A new near-linear time algorithm for k-nearest neighbor search using a compressed cover tree
Yury Elkin, Vitaliy Kurlin
TL;DR
The paper addresses the exact $k$-nearest neighbor problem in metric spaces and introduces a compressed cover tree $\mathcal{T}(R)$ to achieve near-linear time in $\max\{|Q|,|R|\}$. It presents a rigorous construction procedure with time bounds $O((c_m(R))^{8}\cdot \log_2(\Delta(R))\cdot |R|)$ (and $O((c(R))^{12}\cdot \log_2|R|\cdot |R|)$ under alternative constants) and a refined $k$-NN search algorithm that uses a $\lambda$-point and a new break condition to bound iterations, yielding per-query bounds like $O\left((c_m(R))^{10}\cdot \log_2(k)\cdot \log_2(\Delta(R)) + |\bar{B}(q,5d_k(q,R))|\cdot \log_2(k)\right)$ and a fixed-constant version $O\left(\log_2(k)\cdot(\log_2|R|+k)\right)$. The results remove gaps in prior analyses, enabling rigorous near-linear performance for exact $k$-NN on large-scale datasets and informing applications in geometric data science and materials informatics.
Abstract
Given a reference set $R$ of $n$ points and a query set $Q$ of $m$ points in a metric space, this paper studies an important problem of finding $k$-nearest neighbors of every point $q \in Q$ in the set $R$ in a near-linear time.

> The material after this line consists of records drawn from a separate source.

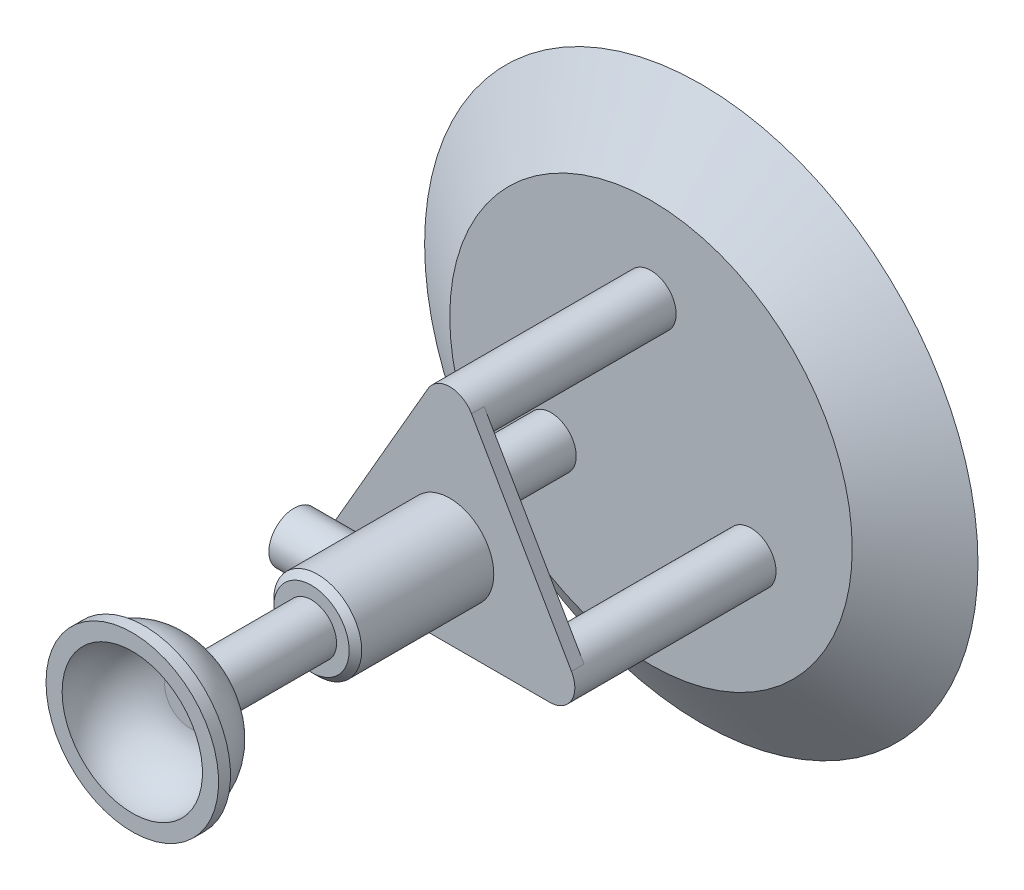
SolidWorks part; units mm, degrees
ref_plane "Alzado" through (0, 0, 0) normal (0, 0, 1) x (1, 0, 0)
ref_plane "Planta" through (0, 0, 0) normal (0, 1, 0) x (1, 0, 0)
ref_plane "Vista lateral" through (0, 0, 0) normal (1, 0, 0) x (0, 0, -1)
sketch "Sketch2" plane through (0, 0, 0) normal (1, 0, 0) x (0, 0, -1)
  line L0 (0, 0) -> (0, 22)
  line L1 (0, 22) -> (-4, 16)
  line L2 (-4, 16) -> (-4, 0)
  line L3 (-4, 0) -> (0, 0)
  dimension "D1" = 16
  dimension "D2" = 22
  dimension "D3" = 4
revolve "Revolve1" add sketch "Sketch2" angle 360 about L3
sketch "Sketch3" plane through (0, 0, 4) normal (0, 0, 1) x (1, 0, 0)
  circle A0 centre (7.9445, -4.5867) radius 2
  circle A1 centre (-7.9445, -4.5867) radius 2
  circle A2 centre (0, 9.1735) radius 2
  point P2 (0, 0)
  point P3 (0, 9.1735)
  point P8 (0, 0)
  dimension "D2" = 4
  dimension "D1" = 3
extrude "Boss-Extrude1" add sketch "Sketch3" along normal blind 15
sketch "Sketch4" plane through (0, 0, 19) normal (0, 0, 1) x (1, 0, 0)
  line L0 (1.7321, 10.1735) -> (9.6765, -3.5867)
  line L1 (-1.7321, 10.1735) -> (-9.6765, -3.5867)
  line L2 (7.9445, -6.5867) -> (-7.9445, -6.5867)
  circle A0 centre (-7.9445, -4.5867) radius 2 construction
  circle A1 centre (7.9445, -4.5867) radius 2
  arc A2 (7.9445, -6.5867) -> (9.6765, -3.5867) centre (7.9445, -4.5867) ccw
  circle A3 centre (0, 9.1735) radius 2 construction
  arc A4 (-9.6765, -3.5867) -> (-7.9445, -6.5867) centre (-7.9445, -4.5867) ccw
  arc A5 (1.7321, 10.1735) -> (-1.7321, 10.1735) centre (0, 9.1735) ccw
  dimension "D1" = 0
extrude "Boss-Extrude2" add sketch "Sketch4" along normal blind 1
sketch "Sketch6" plane through (0, 0, 20) normal (0, 0, 1) x (1, 0, 0)
  circle A0 centre (0, 0) radius 3.5
  dimension "D1" = 7
extrude "Boss-Extrude3" add sketch "Sketch6" along normal blind 11
sketch "Sketch7" plane through (0, 0, 31) normal (0, 0, 1) x (1, 0, 0)
  circle A0 centre (0, 0) radius 2
  dimension "D1" = 4
extrude "Boss-Extrude4" add sketch "Sketch7" along normal blind 9
chamfer "Chamfer2" distance 0.5 angle 45 1 edges at (3.5, 0, 31)
sketch "Sketch8" plane through (0, 0, 0) normal (0, 1, 0) x (1, 0, 0)
  line L0 (0, -40) -> (2, -40)
  line L1 (-2, -40) -> (2, -40) construction
  line L2 (6.1919, -44.2934) -> (6.8613, -44.2934)
  line L3 (6.8613, -44.2934) -> (6.8613, -45.2417)
  line L4 (6.8613, -45.2417) -> (5.5783, -45.2417)
  line L5 (0, -40) -> (0, -40.6675)
  line L6 (0, -40.6675) -> (2, -40.6675)
  arc A0 (2, -40) -> (6.1919, -44.2934) centre (1.9493, -44.2426) cw
  arc A1 (5.5783, -45.2417) -> (2, -40.6675) centre (1.502, -44.7437) ccw
revolve "Revolve2" add sketch "Sketch8" angle 360 about L5
sketch "Sketch9" plane through (0, 0, 0) normal (1, 0, 0) x (0, 0, -1)
  circle A0 centre (-25.3821, 0) radius 2
extrude "Boss-Extrude5" add sketch "Sketch9" against normal blind 7
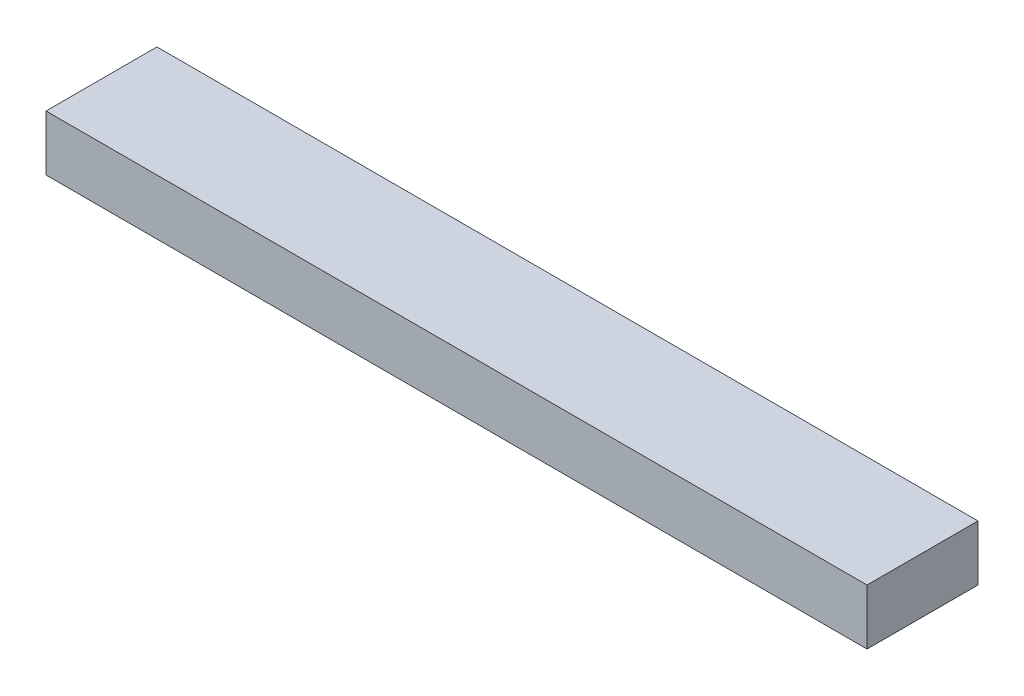
SolidWorks part; units mm, degrees
ref_plane "Front Plane" through (0, 0, 0) normal (0, 0, 1) x (1, 0, 0)
ref_plane "Top Plane" through (0, 0, 0) normal (0, 1, 0) x (1, 0, 0)
ref_plane "Right Plane" through (0, 0, 0) normal (1, 0, 0) x (0, 0, -1)
sketch "Sketch1" plane through (0, 0, 0) normal (0, 1, 0) x (1, 0, 0)
  line L1 (-23.495, -3.175) -> (23.495, -3.175)
  line L2 (-23.495, -3.175) -> (-23.495, 3.175)
  line L3 (-23.495, 3.175) -> (23.495, 3.175)
  line L4 (23.495, -3.175) -> (23.495, 3.175)
  line L5 (-23.495, -3.175) -> (23.495, 3.175) construction
  line L6 (-23.495, 3.175) -> (23.495, -3.175) construction
  point P0 (0, 0)
  dimension "D1" = 46.99
  dimension "D2" = 6.35
extrude "Boss-Extrude1" add sketch "Sketch1" along normal blind 3.175

In the paper at ICML 2006, Beygelzimer, Kakade, and Langford introduced a cover tree on $R$ and attempted to prove that this tree can be built in $O(n\log n)$ time while the nearest neighbor search can be done in $O(n\log m)$ time with a hidden dimensionality factor. This paper fills a substantial gap in the past proofs of time complexity by defining a simpler compressed cover tree on the reference set $R$. The first new algorithm constructs a compressed cover tree in $O(n \log n)$ time. The second new algorithm finds all $k$-nearest neighbors of all points from $Q$ using a compressed cover tree in time $O(m(k+\log n)\log k)$ with a hidden dimensionality factor depending on point distributions of the given sets $R,Q$ but not on their sizes.